Был ли Павел таким сумасшедшим? Должны ли мы раз навсегда отказаться от всякого суда над ним? Правы ли те, кто считает, что в жилах его текла кровь того голштинского дома, который «в течение одного столетия произвел трех сумасшедших»{50}, и в том числе императора Петра III, отца императора Павла? Другими словами: верно ли широко распространенное убеждение, что Павел страдал наследственным помешательством? Но разрешение этого вопроса зависит от разрешения загадки, имевшей трагическое влияние на всю жизнь Павла I: был ли он в действительности сыном того, кого принято считать его отцом? Если мы даже признаем, что сумасшествие неизбежно передается от отца к сыну, то все-таки не сможем на основании сумасшествия Петра III признать сумасшедшим и Павла. Слишком много данных говорит за то, что он вовсе и не был сыном законного своего отца.

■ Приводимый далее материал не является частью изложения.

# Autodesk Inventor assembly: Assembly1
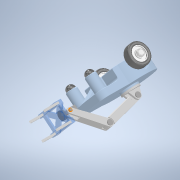
[picture p0: Inventor's stored thumbnail of the model, 180x180]
Saved by Autodesk Inventor 2021 (Build 250183000, 183)
## iProperties
Created: 2021-08-03
Part Number: Assembly1
Document SubType Name: Assembly
Designer: hp
Author: hp
## Documents named in this file (15)
- C:\Users\hp\Desktop\Assembly2.iam
- C:\Users\hp\Desktop\New_version\New_Body_Frame.ipt
- C:\Users\hp\Desktop\New_version\New_Main_Axle.ipt
- C:\Users\hp\Desktop\New_version\New_main_wheel.ipt
- C:\Users\hp\Desktop\New_version\New_Tire.ipt
- C:\Users\hp\Desktop\Final_version\New_Arm_plate.ipt
- C:\Users\hp\Desktop\Final_version\New_ThinArm_first.ipt
- C:\Users\hp\Desktop\Final_version\New_ThinArm_second.ipt
- C:\Users\hp\Desktop\Final_version\New_ThinAxle1.ipt
- C:\Users\hp\Desktop\Final_version\New_ThinAxle2.ipt
- C:\Users\hp\Desktop\Final_version\New_ThinFinger.ipt
- C:\Users\hp\Desktop\Final_version\New_ThinGripper_base.ipt
- C:\Users\hp\Desktop\Final_version\New_ThinGripper.ipt
- C:\Users\hp\Desktop\Final_version\gasket.ipt
- C:\Users\hp\Desktop\Final_version\Universal_Wheel.ipt
## Components (23 placed, 14 different names)
1. New_Body_Frame:1 — Mate:1, Mate:2, Mate:9, Mate:10, Mate:41, Mate:42, Mate:43, Mate:44
2. New_Main_Axle:1 — Mate:1, Mate:2, Mate:3, Mate:4, Mate:5, Mate:6, Mate:7, Mate:8
3. New_main_wheel:1 — Mate:3, Mate:5, Flush:2
4. New_main_wheel:2 — Mate:4, Mate:6, Flush:1
5. New_Tire:1 — Mate:8, Flush:2
6. New_Tire:2 — Mate:7, Flush:1
7. New_Arm_plate:1 — Mate:9, Mate:10, Mate:13, Mate:14, Mate:17
8. New_ThinAxle1:1 — Mate:13, Mate:14, Mate:16
9. New_ThinAxle2:1 — Mate:19, Mate:20
10. New_ThinFinger:1 — Mate:33, Mate:34
11. New_ThinFinger:2 — Mate:35, Mate:36
12. New_ThinFinger:3 — Mate:39, Mate:40
13. New_ThinFinger:4 — Mate:37, Mate:38
14. New_ThinGripper_base:1 — Mate:21, Mate:30, Mate:31, Mate:32
15. New_ThinGripper:1 — Mate:31, Mate:32, Mate:33, Mate:34, Mate:35, Mate:36, Mate:37, Mate:38, Mate:39, Mate:40
16. New_ThinArm_first:1 — Mate:15, Mate:16, Mate:17, Mate:18
17. New_ThinArm_second:1 — Mate:15, Mate:18, Mate:19, Mate:20, Mate:21, Mate:22, Mate:23, Mate:24, Mate:25, Mate:26, Mate:27, Mate:28, Mate:29
18. gasket:1 — Mate:22, Mate:28, Mate:30
19. gasket:2 — Mate:23, Mate:29
20. gasket:3 — Mate:24, Mate:27
21. gasket:4 — Mate:25, Mate:26
22. Universal_Wheel:1 — Mate:43, Mate:44
23. Universal_Wheel:2 — Mate:41, Mate:42
## Relationships (44: Mate 42, Flush 2)
- Mate:1: New_Body_Frame:1 ↔ New_Main_Axle:1
- Mate:2 (5.2 mm): New_Body_Frame:1 ↔ New_Main_Axle:1
- Mate:3: New_Main_Axle:1 ↔ New_main_wheel:1
- Mate:4: New_Main_Axle:1 ↔ New_main_wheel:2
- Mate:5: New_Main_Axle:1 ↔ New_main_wheel:1
- Mate:6: New_Main_Axle:1 ↔ New_main_wheel:2
- Mate:7: New_Main_Axle:1 ↔ New_Tire:2
- Mate:8: New_Main_Axle:1 ↔ New_Tire:1
- Flush:1 (-0.2 mm): New_main_wheel:2 ↔ New_Tire:2
- Flush:2 (-0.2 mm): New_main_wheel:1 ↔ New_Tire:1
- Mate:9: New_Body_Frame:1 ↔ New_Arm_plate:1
- Mate:10: New_Body_Frame:1 ↔ New_Arm_plate:1
- Mate:13: New_Arm_plate:1 ↔ New_ThinAxle1:1
- Mate:14: New_Arm_plate:1 ↔ New_ThinAxle1:1
- Mate:15: New_ThinArm_first:1 ↔ New_ThinArm_second:1
- Mate:16: New_ThinAxle1:1 ↔ New_ThinArm_first:1
- Mate:17: New_Arm_plate:1 ↔ New_ThinArm_first:1
- Mate:18: New_ThinArm_first:1 ↔ New_ThinArm_second:1
- Mate:19: New_ThinAxle2:1 ↔ New_ThinArm_second:1
- Mate:20: New_ThinAxle2:1 ↔ New_ThinArm_second:1
- Mate:21: New_ThinGripper_base:1 ↔ New_ThinArm_second:1
- Mate:22: New_ThinArm_second:1 ↔ gasket:1
- Mate:23: New_ThinArm_second:1 ↔ gasket:2
- Mate:24: New_ThinArm_second:1 ↔ gasket:3
- Mate:25: New_ThinArm_second:1 ↔ gasket:4
- Mate:26: New_ThinArm_second:1 ↔ gasket:4
- Mate:27: New_ThinArm_second:1 ↔ gasket:3
- Mate:28: New_ThinArm_second:1 ↔ gasket:1
- Mate:29: New_ThinArm_second:1 ↔ gasket:2
- Mate:30: New_ThinGripper_base:1 ↔ gasket:1
- Mate:31: New_ThinGripper_base:1 ↔ New_ThinGripper:1
- Mate:32: New_ThinGripper_base:1 ↔ New_ThinGripper:1
- Mate:33: New_ThinFinger:1 ↔ New_ThinGripper:1
- Mate:34: New_ThinFinger:1 ↔ New_ThinGripper:1
- Mate:35: New_ThinFinger:2 ↔ New_ThinGripper:1
- Mate:36: New_ThinFinger:2 ↔ New_ThinGripper:1
- Mate:37: New_ThinFinger:4 ↔ New_ThinGripper:1
- Mate:38: New_ThinFinger:4 ↔ New_ThinGripper:1
- Mate:39: New_ThinFinger:3 ↔ New_ThinGripper:1
- Mate:40: New_ThinFinger:3 ↔ New_ThinGripper:1
- Mate:41: New_Body_Frame:1 ↔ Universal_Wheel:2
- Mate:42: New_Body_Frame:1 ↔ Universal_Wheel:2
- Mate:43: New_Body_Frame:1 ↔ Universal_Wheel:1
- Mate:44: New_Body_Frame:1 ↔ Universal_Wheel:1

Когда императрица Елизавета Петровна решила повенчать великого князя П[етра] Ф[едоровича], племянника своего и наследника престола, с принцессой Софией-Фредерикой-Августой Ангальт-Цербстской, впоследствии императрицей Екат[ериной] II, врачи, принимая во внимание физическую слабость великого князя, советовали отложить свадьбу[48]. Однако Елизавета не последовала этим советам, и в 1745 году свадьба была отпразднована. Между тем врачи оказались правы. Некая г-жа Крузе «захотела на следующий день (после свадьбы) расспросить новобрачных, но ее надежды оказались тщетными; и в этом положении дело оставалось в течение девяти лет без малейшего изменения»[49].

Бездетность этого брака сердила и волновала Елизавету. Недовольная и огорченная поведением своего племянника, выказывавшего все признаки если не сумасшествия, то во всяком случае крайнего слабоумия, императрица была права, мечтая о передаче престола не непосредственно Петру Федоровичу, а будущему его сыну. Неограниченная власть и отсутствие точного закона о престолонаследии давали ей возможность со временем отстранить не оправдавшего ее надежд племянника и объявить наследником ребенка, который бы должен родиться от его брака.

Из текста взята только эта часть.